(Given entries Opens)
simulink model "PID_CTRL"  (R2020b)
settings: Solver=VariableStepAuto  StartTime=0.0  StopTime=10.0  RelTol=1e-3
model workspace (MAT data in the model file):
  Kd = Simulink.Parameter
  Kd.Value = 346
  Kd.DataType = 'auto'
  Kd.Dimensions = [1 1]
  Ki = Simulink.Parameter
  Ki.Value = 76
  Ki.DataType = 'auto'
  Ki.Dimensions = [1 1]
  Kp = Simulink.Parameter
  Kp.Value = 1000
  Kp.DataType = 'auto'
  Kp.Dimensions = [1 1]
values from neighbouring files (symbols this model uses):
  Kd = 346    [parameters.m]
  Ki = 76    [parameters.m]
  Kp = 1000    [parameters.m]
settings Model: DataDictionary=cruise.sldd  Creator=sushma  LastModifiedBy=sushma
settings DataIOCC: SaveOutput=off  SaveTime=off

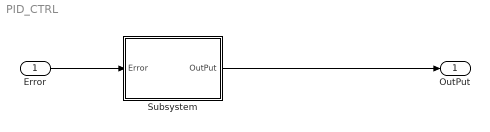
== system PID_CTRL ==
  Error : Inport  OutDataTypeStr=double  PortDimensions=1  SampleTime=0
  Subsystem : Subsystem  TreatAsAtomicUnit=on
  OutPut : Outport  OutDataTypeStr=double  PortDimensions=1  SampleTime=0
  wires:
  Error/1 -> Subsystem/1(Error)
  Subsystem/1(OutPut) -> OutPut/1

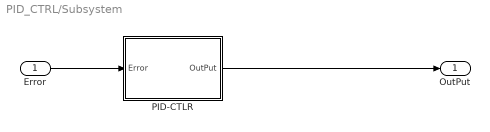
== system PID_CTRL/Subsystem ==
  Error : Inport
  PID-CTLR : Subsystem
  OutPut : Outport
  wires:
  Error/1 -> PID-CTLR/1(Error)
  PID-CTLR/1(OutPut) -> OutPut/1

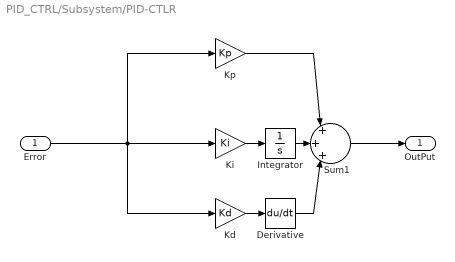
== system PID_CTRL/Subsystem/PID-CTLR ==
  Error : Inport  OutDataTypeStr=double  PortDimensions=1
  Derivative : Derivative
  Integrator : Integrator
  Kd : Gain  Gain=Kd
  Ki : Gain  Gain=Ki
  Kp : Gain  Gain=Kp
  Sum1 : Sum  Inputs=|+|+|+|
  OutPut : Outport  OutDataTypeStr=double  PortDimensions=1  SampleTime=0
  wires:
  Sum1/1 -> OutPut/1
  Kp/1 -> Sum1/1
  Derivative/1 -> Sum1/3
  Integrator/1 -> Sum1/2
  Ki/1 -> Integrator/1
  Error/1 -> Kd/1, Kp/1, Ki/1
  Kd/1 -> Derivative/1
(Given entries Closes)
All entries must be written out again exactly as given, with no pictures in the copy.

◆ **Response**:
simulink model "PID_CTRL"  (R2020b)
settings: Solver=VariableStepAuto  StartTime=0.0  StopTime=10.0  RelTol=1e-3
model workspace (MAT data in the model file):
  Kd = Simulink.Parameter
  Kd.Value = 346
  Kd.DataType = 'auto'
  Kd.Dimensions = [1 1]
  Ki = Simulink.Parameter
  Ki.Value = 76
  Ki.DataType = 'auto'
  Ki.Dimensions = [1 1]
  Kp = Simulink.Parameter
  Kp.Value = 1000
  Kp.DataType = 'auto'
  Kp.Dimensions = [1 1]
values from neighbouring files (symbols this model uses):
  Kd = 346    [parameters.m]
  Ki = 76    [parameters.m]
  Kp = 1000    [parameters.m]
settings Model: DataDictionary=cruise.sldd  Creator=sushma  LastModifiedBy=sushma
settings DataIOCC: SaveOutput=off  SaveTime=off

== system PID_CTRL ==
  Error : Inport  OutDataTypeStr=double  PortDimensions=1  SampleTime=0
  Subsystem : Subsystem  TreatAsAtomicUnit=on
  OutPut : Outport  OutDataTypeStr=double  PortDimensions=1  SampleTime=0
  wires:
  Error/1 -> Subsystem/1(Error)
  Subsystem/1(OutPut) -> OutPut/1

== system PID_CTRL/Subsystem ==
  Error : Inport
  PID-CTLR : Subsystem
  OutPut : Outport
  wires:
  Error/1 -> PID-CTLR/1(Error)
  PID-CTLR/1(OutPut) -> OutPut/1

== system PID_CTRL/Subsystem/PID-CTLR ==
  Error : Inport  OutDataTypeStr=double  PortDimensions=1
  Derivative : Derivative
  Integrator : Integrator
  Kd : Gain  Gain=Kd
  Ki : Gain  Gain=Ki
  Kp : Gain  Gain=Kp
  Sum1 : Sum  Inputs=|+|+|+|
  OutPut : Outport  OutDataTypeStr=double  PortDimensions=1  SampleTime=0
  wires:
  Sum1/1 -> OutPut/1
  Kp/1 -> Sum1/1
  Derivative/1 -> Sum1/3
  Integrator/1 -> Sum1/2
  Ki/1 -> Integrator/1
  Error/1 -> Kd/1, Kp/1, Ki/1
  Kd/1 -> Derivative/1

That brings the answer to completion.